Can anyone who has both the scale locomotives or bogies take a picture with the two scale prototypes side by side. I have H0 prototypes from Mehano, but I have decided to get Hornby which are OO. Just want to see if it looks very different. Thanks a ton!


----------



## Boston&Maine (Dec 19, 2007)

Welcome to the forum! Honestly, I have never heard anyone here mention that they model OO scale... Most are from the US and the scale is very uncommon here... Now, HO scale is 1:87 and OO scale is 1:76.2 (slightly bigger), yet they run on the same track... To give yourself an idea, you could always measure one of your HO locomotives and multiply the numbers by (87/76.2) to give you its OO measurements... For reference, 1 cm in HO is roughly 1.14 cm in OO...


----------



## Guest (Jan 26, 2010)

Thank you.

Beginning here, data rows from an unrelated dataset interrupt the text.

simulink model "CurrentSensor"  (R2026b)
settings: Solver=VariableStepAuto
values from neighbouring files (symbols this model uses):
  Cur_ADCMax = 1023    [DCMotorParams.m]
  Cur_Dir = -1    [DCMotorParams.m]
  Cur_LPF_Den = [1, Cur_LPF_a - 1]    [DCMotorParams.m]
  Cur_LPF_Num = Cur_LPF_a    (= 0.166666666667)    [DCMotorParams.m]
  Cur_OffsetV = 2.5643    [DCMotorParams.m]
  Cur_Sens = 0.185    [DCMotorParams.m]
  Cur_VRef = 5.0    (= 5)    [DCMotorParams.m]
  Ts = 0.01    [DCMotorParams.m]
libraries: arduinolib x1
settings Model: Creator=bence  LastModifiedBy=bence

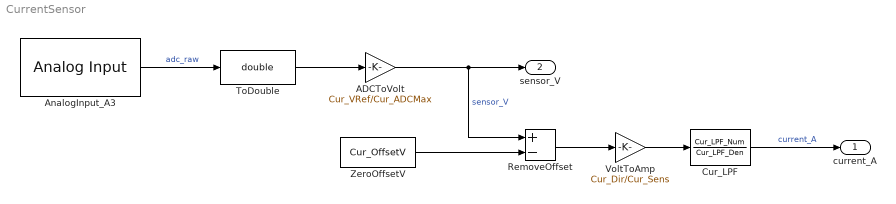
== system CurrentSensor ==
  ADCToVolt : Gain  Gain=Cur_VRef/Cur_ADCMax
  AnalogInput_A3 : arduinolib/Analog Input  pinNumber=3  ReadResultsOnly=off  ConversionTriggerSource=Software  ExternalTriggerType=uint32( 0 )  OutputDataType=uint16  EnableConversionCompleteNotify=off  EnableOuputStatus=off  SampleTime=Ts  blockPlatform=arduino
  Cur_LPF : DiscreteTransferFcn  Numerator=Cur_LPF_Num  Denominator=Cur_LPF_Den  SampleTime=Ts
  RemoveOffset : Sum  Inputs=+-
  ToDouble : DataTypeConversion  OutDataTypeStr=double  SaturateOnIntegerOverflow=off  RndMeth=Floor
  VoltToAmp : Gain  Gain=Cur_Dir/Cur_Sens
  ZeroOffsetV : Constant  Value=Cur_OffsetV
  current_A : Outport
  sensor_V : Outport  Port=2
  wires:
  Cur_LPF/1 -> current_A/1  "current_A"
  VoltToAmp/1 -> Cur_LPF/1
  RemoveOffset/1 -> VoltToAmp/1
  ZeroOffsetV/1 -> RemoveOffset/2
  ADCToVolt/1 -> RemoveOffset/1, sensor_V/1  "sensor_V"
  ToDouble/1 -> ADCToVolt/1
  AnalogInput_A3/1 -> ToDouble/1  "adc_raw"
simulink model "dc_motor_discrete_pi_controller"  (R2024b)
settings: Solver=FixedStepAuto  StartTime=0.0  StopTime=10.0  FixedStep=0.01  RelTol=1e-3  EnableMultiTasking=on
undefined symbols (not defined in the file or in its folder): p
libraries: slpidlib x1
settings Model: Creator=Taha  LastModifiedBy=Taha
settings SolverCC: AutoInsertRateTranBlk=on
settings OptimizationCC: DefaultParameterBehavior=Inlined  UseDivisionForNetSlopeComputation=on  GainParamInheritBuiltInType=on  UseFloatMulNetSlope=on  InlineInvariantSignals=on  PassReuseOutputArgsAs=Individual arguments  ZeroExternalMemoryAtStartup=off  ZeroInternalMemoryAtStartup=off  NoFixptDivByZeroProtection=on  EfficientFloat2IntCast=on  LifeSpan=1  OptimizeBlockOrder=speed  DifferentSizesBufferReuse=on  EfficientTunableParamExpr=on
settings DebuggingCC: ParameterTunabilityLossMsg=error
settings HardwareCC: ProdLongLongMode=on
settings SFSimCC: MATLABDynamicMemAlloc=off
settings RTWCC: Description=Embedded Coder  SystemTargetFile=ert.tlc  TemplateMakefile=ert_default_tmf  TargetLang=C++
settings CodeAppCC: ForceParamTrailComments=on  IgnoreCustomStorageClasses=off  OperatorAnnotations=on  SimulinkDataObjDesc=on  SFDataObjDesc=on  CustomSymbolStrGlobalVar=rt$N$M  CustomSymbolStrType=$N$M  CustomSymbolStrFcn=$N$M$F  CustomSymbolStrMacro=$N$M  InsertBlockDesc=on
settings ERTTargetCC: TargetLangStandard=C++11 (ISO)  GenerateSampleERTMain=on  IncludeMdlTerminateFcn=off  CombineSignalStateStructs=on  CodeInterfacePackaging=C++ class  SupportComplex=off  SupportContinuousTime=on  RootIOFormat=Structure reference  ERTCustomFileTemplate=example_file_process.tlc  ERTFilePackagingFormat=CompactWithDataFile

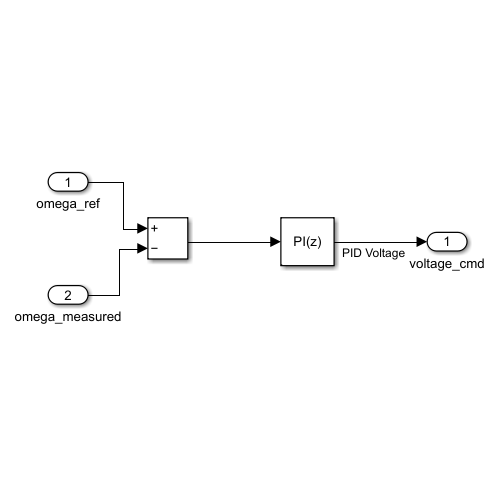
[thumbnail: Simulink's stored preview of the top-level diagram]
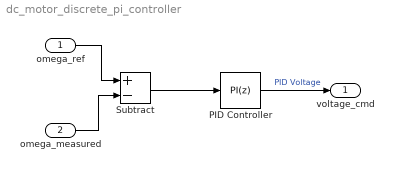
== system dc_motor_discrete_pi_controller ==
  omega_ref : Inport
  omega_measured : Inport  Port=2
  PID Controller : slpidlib/PID Controller  Controller=PI  Form=Parallel  TimeDomain=Discrete-time  UseExternalTs=off  SampleTime=0.01  IntegratorMethod=Forward Euler  FilterMethod=Forward Euler  ControllerParametersSource=internal  P=p.Kp  I=p.Ki  UseKiTs=off  D=0  UseExternalDerivativeSource=off  N=100  UseFilter=on  TunerSelectOption=Transfer Function Based (PID Tuner App)  InitialConditionSource=internal  InitialConditionForIntegrator=0  InitialConditionForFilter=0  DifferentiatorICPrevScaledInput=0  ExternalReset=none  TrackingMode=off  Kt=1  LimitOutput=off  SatLimitsSource=internal  UpperSaturationLimit=12  LowerSaturationLimit=0  LinearizeAsGain=on  AntiWindupMode=none  Kb=1  LimitIntegrator=off  UpperIntegratorSaturationLimit=inf  LowerIntegratorSaturationLimit=-inf  POutMin=[]  POutMax=[]  IOutMin=[]  IOutMax=[]  DOutMin=[]  DOutMax=[]  NOutMin=[]  NOutMax=[]  SumOutMin=[]  SumOutMax=[]  SaturationOutMin=[]  SaturationOutMax=[]  PParamMin=[]  PParamMax=[]  IParamMin=[]  IParamMax=[]  DParamMin=[]  DParamMax=[]  NParamMin=[]  NParamMax=[]  KbParamMin=[]  KbParamMax=[]  KtParamMin=[]  KtParamMax=[]  KbOutMin=[]  KbOutMax=[]  KtOutMin=[]  KtOutMax=[]  IntegratorOutMin=[]  IntegratorOutMax=[]  FilterOutMin=[]  FilterOutMax=[]  SumI1OutMin=[]  SumI1OutMax=[]  SumI2OutMin=[]  SumI2OutMax=[]  SumI3OutMin=[]  SumI3OutMax=[]  SumI4OutMin=[]  SumI4OutMax=[]  SumDOutMin=[]  SumDOutMax=[]  DifferentiatorOutMin=[]  DifferentiatorOutMax=[]  FilterDiffOutCoefMin=[]  FilterDiffOutCoefMax=[]  ReciprocalOutMin=[]  ReciprocalOutMax=[]  SumDenOutMin=[]  SumDenOutMax=[]  SumNumOutMin=[]  SumNumOutMax=[]  DivideOutMin=[]  DivideOutMax=[]  UdiffTsProdOutMin=[]  UdiffTsProdOutMax=[]  NTsProdOutMin=[]  NTsProdOutMax=[]  UintegralTsProdOutMin=[]  UintegralTsProdOutMax=[]  UngainTsProdOutMin=[]  UngainTsProdOutMax=[]  ClampingZeroOutDataTypeStr=Inherit: Inherit via back propagation  ClampingZeroOutMin=[]  ClampingZeroOutMax=[]  FilterDenConstantOutDataTypeStr=Inherit: Inherit via back propagation  FilterDenConstantOutMin=[]  FilterDenConstantOutMax=[]  PCopyOutDataTypeStr=Inherit: Inherit via back propagation  PCopyOutMin=[]  PCopyOutMax=[]  NCopyOutDataTypeStr=Inherit: Inherit via back propagation  NCopyOutMin=[]  NCopyOutMax=[]  IntegratorContinuousStateAttributes=''  IntegratorStateMustResolveToSignalObject=off  IntegratorRTWStateStorageClass=Auto  FilterContinuousStateAttributes=''  FilterStateMustResolveToSignalObject=off  FilterRTWStateStorageClass=Auto  ParallelPVariant=InternalParameters  IdealPVariant=Disabled  IVariant=InternalParameters  DVariant=Disabled  IntegratorVariant=Discrete  SatVariant=Disabled  AWVariant=Passthrough  PCopyVariant=Disabled  TRVariant=Disabled  FdbkBlocksVariant=Forward  IdealPFdbkVariant=Disabled  SatFdbkVariant=Disabled  DerivativeFilterVariant=Disabled  NVariant=Disabled  NCopyVariant=Disabled_SignalSpec  FilterICVariant=Disabled  IntegratorICVariant=InternalICs  ExternalResetVariant=Disabled  TRSumVariant=Passthrough  SumFdbkVariant=Disabled  SumVariant=Sum_PI  TsampFilterVariant=InternalTs  TsampNgainVariant=Passthrough  TsampIntegralVariant=Disabled_SignalSpec  ExternalSaturationOutDataTypeStr=Inherit: Same as second input  DerivativeSourceVariant=Disabled  PreIntVariant=InternalPreInt
  Subtract : Sum  Inputs=+-
  voltage_cmd : Outport
  wires:
  Subtract/1 -> PID Controller/1
  PID Controller/1 -> voltage_cmd/1  "PID Voltage"
  omega_ref/1 -> Subtract/1
  omega_measured/1 -> Subtract/2
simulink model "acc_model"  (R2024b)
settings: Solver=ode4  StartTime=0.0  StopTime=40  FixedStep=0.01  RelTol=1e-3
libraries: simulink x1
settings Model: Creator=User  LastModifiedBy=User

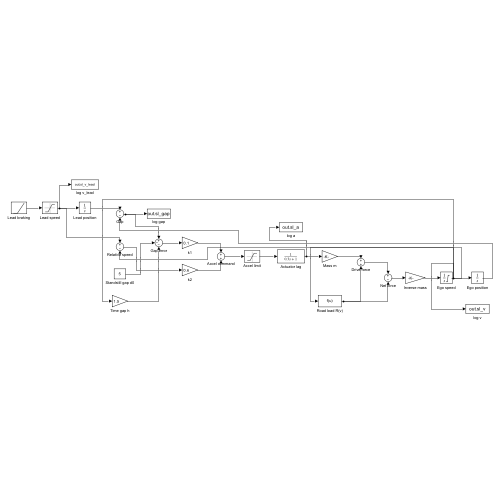
[thumbnail: Simulink's stored preview of the top-level diagram]
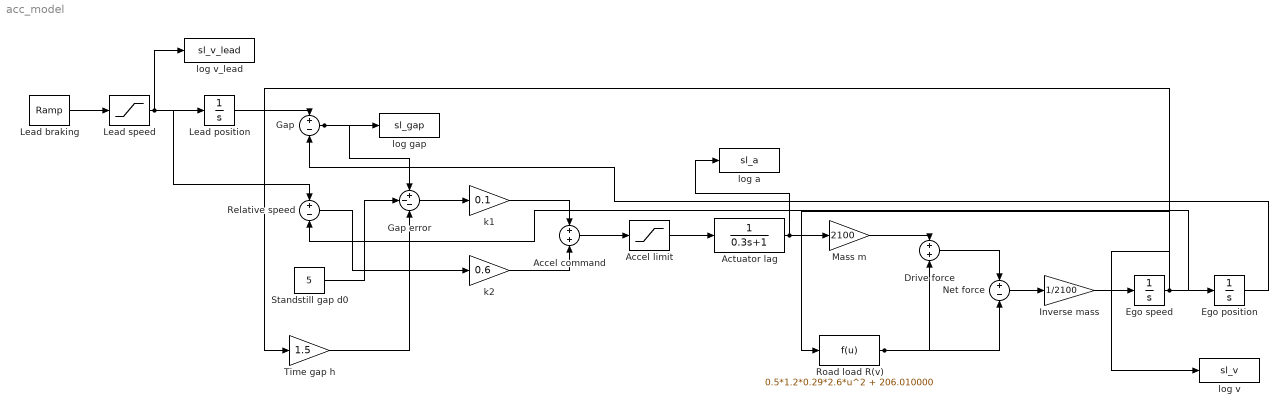
== system acc_model ==
  Accel command : Sum
  Accel limit : Saturate  UpperLimit=2  LowerLimit=-3.5
  Actuator lag : TransferFcn  Numerator=1  Denominator=[0.3 1]
  Drive force : Sum
  Ego position : Integrator
  Ego speed : Integrator  InitialCondition=27.77777778  LimitOutput=on  LowerSaturationLimit=0
  Gap : Sum  Inputs=+-
  Gap error : Sum  Inputs=+--
  Inverse mass : Gain  Gain=1/2100
  Lead braking : simulink/Sources/Ramp  slope=-3  start=5  InitialOutput=27.77777778
  Lead position : Integrator  InitialCondition=46.66666667
  Lead speed : Saturate  UpperLimit=27.77777778  LowerLimit=16.66666667
  Mass m : Gain  Gain=2100
  Net force : Sum  Inputs=+-
  Relative speed : Sum  Inputs=+-
  Road load R(v) : Fcn  Expr=0.5*1.2*0.29*2.6*u^2 + 206.010000
  Standstill gap d0 : Constant  Value=5
  Time gap h : Gain  Gain=1.5
  k1 : Gain  Gain=0.1
  k2 : Gain  Gain=0.6
  log a : ToWorkspace  VariableName=sl_a  SampleTime=-1
  log gap : ToWorkspace  VariableName=sl_gap  SampleTime=-1
  log v : ToWorkspace  VariableName=sl_v  SampleTime=-1
  log v_lead : ToWorkspace  VariableName=sl_v_lead  SampleTime=-1
  wires:
  Lead braking/1 -> Lead speed/1
  Lead speed/1 -> Lead position/1, Relative speed/1, log v_lead/1
  Lead position/1 -> Gap/1
  Ego position/1 -> Gap/2
  Ego speed/1 -> Relative speed/2, Time gap h/1, Road load R(v)/1, Ego position/1, log v/1
  Gap/1 -> Gap error/1, log gap/1
  Standstill gap d0/1 -> Gap error/2
  Time gap h/1 -> Gap error/3
  Gap error/1 -> k1/1
  Relative speed/1 -> k2/1
  k1/1 -> Accel command/1
  k2/1 -> Accel command/2
  Accel command/1 -> Accel limit/1
  Accel limit/1 -> Actuator lag/1
  Actuator lag/1 -> Mass m/1, log a/1
  Mass m/1 -> Drive force/1
  Road load R(v)/1 -> Drive force/2, Net force/2
  Drive force/1 -> Net force/1
  Net force/1 -> Inverse mass/1
  Inverse mass/1 -> Ego speed/1
simulink library "casper_library_correlator"  (Simulink 8.0)
settings: Solver=ode45  SolverMode=SingleTasking  StartTime=0.0  StopTime=10.0  RelTol=1e-3
values from neighbouring files (symbols this model uses):
  n_bits = eval(get_var('n_bits', 'defaults', defaults, varargin{:}))    [auto_tap_init.m]    (also in baseline_tap_init.m; bi_real_unscr_2x_init.m = get_var('n_bits', 'defaults', defaults, varargin{:}); bi_real_unscr_4x_init.m = get_var('n_bits', 'defaults', defaults, varargin{:}); bit_reverse_init.m = get_var('n_bits',varargin{:}))
libraries: xbsIndex_r4 x1360, casper_library_misc x140, casper_library_multipliers x32, xps_library x8, casper_library_delays x1, casper_library_correlator x1
(part 10 of 14)

== system casper_library_correlator/auto_tap/dual_pol_cmac/cmac1/cmult* ==
  a : Inport
  b : Inport  Port=2
  a_expand : Subsystem  AncestorBlock=casper_library_flow_control/bus_expand  mask(bus_expand){mode=divisions of equal size, outputNum=4, outputWidth=[4 4 4 4], outputBinaryPt=[3 3 3 3], outputArithmeticType=[1 1 1 1], show_format=off, outputToWorkspace=off, variablePrefix=out, outputToModelAsWell=on}
      mask prompts: outputNum "Number of outputs:"; outputWidth "Output width:"; outputBinaryPt "Output binary point position:"; outputArithmeticType "Output arithmetic type (ufix=0, fix=1, bool=2):"; show_format "Print format string?"; outputToWorkspace "Output to workspace?"; variablePrefix "Variable name prefix:"; outputToModelAsWell "Output to model as well?"
      mask help:
      | Expands a 'bus' made using a bus_create or Xilinx
      | concat block.
      | The input will be divided into the specified number
      | of outputs with the specified arithmetic types.
      | Divisions are made from most significant bit.
      mask init: same as casper_library_correlator/dual_pol_cmac/cmac1/cmult*/a_expand
      settings: AttributesFormatString=4 outputs
      mask TypeOptions mode: divisions of equal size | divisions of arbitrary size
      mask Callback mode: bus_expand_callback();
      mask Callback outputWidth: bus_expand_callback();
      mask Callback outputToWorkspace: bus_expand_callback();
  a_replicate : Subsystem  AncestorBlock=casper_library_bus/bus_replicate  mask(bus_replicate){replication=2, latency=0, misc=off, implementation=core}
      mask prompts: replication "replication factor"; misc "misc support"; implementation "delay implementation"
      mask help: Output bus formed by replicating input bus a number of times
      mask init:
      | bus_replicate_init(gcb, ...
      |     'replication', replication, ...
      |     'latency', latency, ...
      |     'implementation', implementation, ...
      |     'misc', misc);
      mask TypeOptions implementation: core | behavioral
  addsub_im : xbsIndex_r4/AddSub  mode=Subtraction  use_carryin=off  use_carryout=off  en=off  latency=1  precision=Full  arith_type=Unsigned  n_bits=16  bin_pt=14  quantization=Truncate  overflow=Wrap  dbl_ovrd=off  use_behavioral_HDL=on  hw_selection=Fabric  pipelined=on  use_rpm=on  block_type=addsub
  addsub_re : xbsIndex_r4/AddSub  mode=Addition  use_carryin=off  use_carryout=off  en=off  latency=1  precision=Full  arith_type=Unsigned  n_bits=16  bin_pt=14  quantization=Truncate  overflow=Wrap  dbl_ovrd=off  use_behavioral_HDL=on  hw_selection=Fabric  pipelined=on  use_rpm=on  block_type=addsub
  b_expand : Subsystem  AncestorBlock=casper_library_flow_control/bus_expand  mask(bus_expand){mode=divisions of equal size, outputNum=4, outputWidth=[4 4 4 4], outputBinaryPt=[3 3 3 3], outputArithmeticType=[1 1 1 1], show_format=off, outputToWorkspace=off, variablePrefix=out, outputToModelAsWell=on}
      mask prompts: outputNum "Number of outputs:"; outputWidth "Output width:"; outputBinaryPt "Output binary point position:"; outputArithmeticType "Output arithmetic type (ufix=0, fix=1, bool=2):"; show_format "Print format string?"; outputToWorkspace "Output to workspace?"; variablePrefix "Variable name prefix:"; outputToModelAsWell "Output to model as well?"
      mask help:
      | Expands a 'bus' made using a bus_create or Xilinx
      | concat block.
      | The input will be divided into the specified number
      | of outputs with the specified arithmetic types.
      | Divisions are made from most significant bit.
      mask init: same as casper_library_correlator/dual_pol_cmac/cmac1/cmult*/a_expand
      settings: AttributesFormatString=4 outputs
      mask TypeOptions mode: divisions of equal size | divisions of arbitrary size
      mask Callback mode: bus_expand_callback();
      mask Callback outputWidth: bus_expand_callback();
      mask Callback outputToWorkspace: bus_expand_callback();
  b_replicate : Subsystem  AncestorBlock=casper_library_bus/bus_replicate  mask(bus_replicate){replication=2, latency=0, misc=off, implementation=core}
      mask prompts: replication "replication factor"; misc "misc support"; implementation "delay implementation"
      mask help: Output bus formed by replicating input bus a number of times
      mask init:
      | bus_replicate_init(gcb, ...
      |     'replication', replication, ...
      |     'latency', latency, ...
      |     'implementation', implementation, ...
      |     'misc', misc);
      mask TypeOptions implementation: core | behavioral
  convert_im : xbsIndex_r4/Convert  gui_display_data_type=Fixed-point  arith_type="Signed  (2's comp)"  n_bits=16  bin_pt=6  float_type=Single  exp_bits=8  fraction_bits=24  quantization=Truncate  overflow=Wrap  en=off  latency=0  dbl_ovrd=off  pipeline=on  block_type=convert
  convert_re : xbsIndex_r4/Convert  gui_display_data_type=Fixed-point  arith_type="Signed  (2's comp)"  n_bits=16  bin_pt=6  float_type=Single  exp_bits=8  fraction_bits=24  quantization=Truncate  overflow=Wrap  en=off  latency=0  dbl_ovrd=off  pipeline=on  block_type=convert
  imim : xbsIndex_r4/Mult  precision=Full  arith_type="Signed  (2's comp)"  n_bits=16  bin_pt=14  quantization=Truncate  overflow=Wrap  en=off  latency=1  dbl_ovrd=off  use_behavioral_HDL=off  opt=Speed  use_embedded=on  optimum_pipeline=off  pipeline=on  use_rpm=on  placement_style=Triangular  block_type=mult
  imre : xbsIndex_r4/Mult  precision=Full  arith_type="Signed  (2's comp)"  n_bits=16  bin_pt=14  quantization=Truncate  overflow=Wrap  en=off  latency=1  dbl_ovrd=off  use_behavioral_HDL=off  opt=Speed  use_embedded=on  optimum_pipeline=off  pipeline=on  use_rpm=on  placement_style=Triangular  block_type=mult
  reim : xbsIndex_r4/Mult  precision=Full  arith_type="Signed  (2's comp)"  n_bits=16  bin_pt=14  quantization=Truncate  overflow=Wrap  en=off  latency=1  dbl_ovrd=off  use_behavioral_HDL=off  opt=Speed  use_embedded=on  optimum_pipeline=off  pipeline=on  use_rpm=on  placement_style=Triangular  block_type=mult
  rere : xbsIndex_r4/Mult  precision=Full  arith_type="Signed  (2's comp)"  n_bits=16  bin_pt=14  quantization=Truncate  overflow=Wrap  en=off  latency=1  dbl_ovrd=off  use_behavioral_HDL=off  opt=Speed  use_embedded=on  optimum_pipeline=off  pipeline=on  use_rpm=on  placement_style=Triangular  block_type=mult
  ri_to_c : casper_library_misc/ri_to_c
  ab : Outport
  wires:
  ri_to_c/1 -> ab/1
  convert_im/1 -> ri_to_c/2
  convert_re/1 -> ri_to_c/1
  addsub_im/1 -> convert_im/1
  addsub_re/1 -> convert_re/1
  reim/1 -> addsub_im/2
  imre/1 -> addsub_im/1
  imim/1 -> addsub_re/2
  rere/1 -> addsub_re/1
  b_expand/4(lsb_out1) -> reim/2
  a_expand/3(out2) -> reim/1
  b_expand/3(out2) -> imre/2
  a_expand/4(lsb_out1) -> imre/1
  b_expand/2(out3) -> imim/2
  a_expand/2(out3) -> imim/1
  b_expand/1(msb_out4) -> rere/2
  a_expand/1(msb_out4) -> rere/1
  b_replicate/1(out) -> b_expand/1(bus_in)
  a_replicate/1(out) -> a_expand/1(bus_in)
  b/1 -> b_replicate/1(in)
  a/1 -> a_replicate/1(in)

== system casper_library_correlator/auto_tap/dual_pol_cmac/cmac1/ri_to_c ==
  In1 : Inport
  In2 : Inport  Port=2
  Concat : xbsIndex_r4/Concat  num_inputs=2  dbl_ovrd=off  block_type=concat
      settings: block_version=9.2.01
  Reinterpret : xbsIndex_r4/Reinterpret  force_arith_type=on  arith_type=Unsigned  force_bin_pt=on  bin_pt=0  block_type=reinterpret
      settings: infoedit="Changes signal type without altering the binary representation.   You can changed the signal between signed and unsigned, and relocate the binary point.<P><P>Hardware notes: In hardware this block costs nothing.<P><P>Example:  Suppose the input is 6 bits wide, signed, with 2 fractional bits, and the output is forced to unsigned with 0 fractional bits.  Then an input of -2.0 (1110.00 in binary 2's complement) becomes an output of 56 (111000 in binary)."  block_version=9.2.01
  Reinterpret1 : xbsIndex_r4/Reinterpret  force_arith_type=on  arith_type=Unsigned  force_bin_pt=on  bin_pt=0  block_type=reinterpret
      settings: infoedit="Changes signal type without altering the binary representation.   You can changed the signal between signed and unsigned, and relocate the binary point.<P><P>Hardware notes: In hardware this block costs nothing.<P><P>Example:  Suppose the input is 6 bits wide, signed, with 2 fractional bits, and the output is forced to unsigned with 0 fractional bits.  Then an input of -2.0 (1110.00 in binary 2's complement) becomes an output of 56 (111000 in binary)."  block_version=9.2.01
  Out1 : Outport
  wires:
  In2/1 -> Reinterpret1/1
  Concat/1 -> Out1/1
  In1/1 -> Reinterpret/1
  Reinterpret1/1 -> Concat/2
  Reinterpret/1 -> Concat/1

== system casper_library_correlator/auto_tap/dual_pol_cmac/cmac2/acc ==
  rst : Inport
  din : Inport  Port=2
  acc_in : Inport  Port=3
  valid_in : Inport  Port=4
  Accumulator : xbsIndex_r4/Accumulator  operation=Add  n_bits=n_bits_out  overflow=Wrap  scale=1  rst=on  infoeditControl=reset for floating point data type must be asserted for a minimum of 2 cycles  hasbypass=on  en=off  latency=0  dbl_ovrd=off  msb_inp=100  msb=100  lsb=-100  use_behavioral_HDL=on  implementation=Fabric  block_type=accum
      settings: infoedit="Adder or subtractor-based accumulator.   Output type and binary point position match the input.<P><P>Hardware notes: When \"Reinitialize with input 'b' on reset\" is selected, the accumulator is forced to run at the system rate even if the input 'b' is running at a slower rate."  xl_area=[0, 0, 0, 0, 0, 0, 0]  block_version=9.2.01
  Constant : xbsIndex_r4/Constant  const=1  gui_display_data_type=Fixed-point  arith_type=Boolean  n_bits=1  bin_pt=0  preci_type=Single  exp_width=8  frac_width=24  explicit_period=on  period=1  equ=P=C  opselect=C  inp2=PCIN>>17  opr=+  inp1=P  carry=CIN  dbl_ovrd=off  block_type=constant
      settings: block_version=9.2.01
  Convert1 : xbsIndex_r4/Convert  gui_display_data_type=Fixed-point  arith_type="Signed  (2's comp)"  n_bits=n_bits_out  bin_pt=bin_pt_out  float_type=Single  exp_bits=8  fraction_bits=24  quantization=Truncate  overflow=Wrap  en=off  latency=0  dbl_ovrd=off  pipeline=off  block_type=convert
      settings: xl_area=[0, 0, 0, 0, 0, 0, 0]  block_version=9.2.01
  Convert2 : xbsIndex_r4/Convert  gui_display_data_type=Fixed-point  arith_type=Boolean  n_bits=8  bin_pt=6  float_type=Single  exp_bits=8  fraction_bits=24  quantization=Truncate  overflow=Wrap  en=off  latency=0  dbl_ovrd=off  pipeline=off  block_type=convert
      settings: xl_area=[0, 0, 0, 0, 0, 0, 0]  block_version=9.2.01
  Delay : xbsIndex_r4/Delay  rst=off  infoeditControl=Selection of Reset will increase slice count due to use of real FFs and instead of SRLs  en=off  latency=0  dbl_ovrd=off  reg_retiming=off  block_type=delay
      settings: xl_area=[0, 0, 0, 0, 0, 0, 0]  block_version=9.2.01
  Delay1 : xbsIndex_r4/Delay  rst=off  infoeditControl=Selection of Reset will increase slice count due to use of real FFs and instead of SRLs  en=off  latency=0  dbl_ovrd=off  reg_retiming=off  block_type=delay
      settings: xl_area=[0, 0, 0, 0, 0, 0, 0]  block_version=9.2.01
  Mux2 : xbsIndex_r4/Mux  inputs=2  en=off  latency=2  precision=Full  arith_type="Signed  (2's comp)"  n_bits=0  bin_pt=0  quantization="Round  (unbiased: +/- Inf)"  overflow=Wrap  dbl_ovrd=off  block_type=mux
      settings: xl_area=[0, 0, 0, 0, 0, 0, 0]  block_version=9.2.01
  Mux3 : xbsIndex_r4/Mux  inputs=2  en=off  latency=2  precision=Full  arith_type="Signed  (2's comp)"  n_bits=0  bin_pt=0  quantization=Truncate  overflow=Wrap  dbl_ovrd=off  block_type=mux
      settings: xl_area=[0, 0, 0, 0, 0, 0, 0]  block_version=9.2.01
  acc_out : Outport
  valid_out : Outport  Port=2
  wires:
  Convert2/1 -> Mux3/2
  Delay1/1 -> Delay/1, Accumulator/2
  Convert1/1 -> Accumulator/1
  Delay/1 -> Mux2/1, Mux3/1
  rst/1 -> Delay1/1
  din/1 -> Convert1/1
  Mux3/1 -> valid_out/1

Well thanks for the conversion ratio. Will leave the rest to imagination hehe


----------



## Boston&Maine (Dec 19, 2007)

I just managed to find a picture online, although it is not very good... The left is Hornby OO and the right is IHC HO, according to the poster of the image...


----------



## Guest (Jan 26, 2010)

Thanks a ton. I was afraid of this. The puny Thomas looks bigger that the right steam.


----------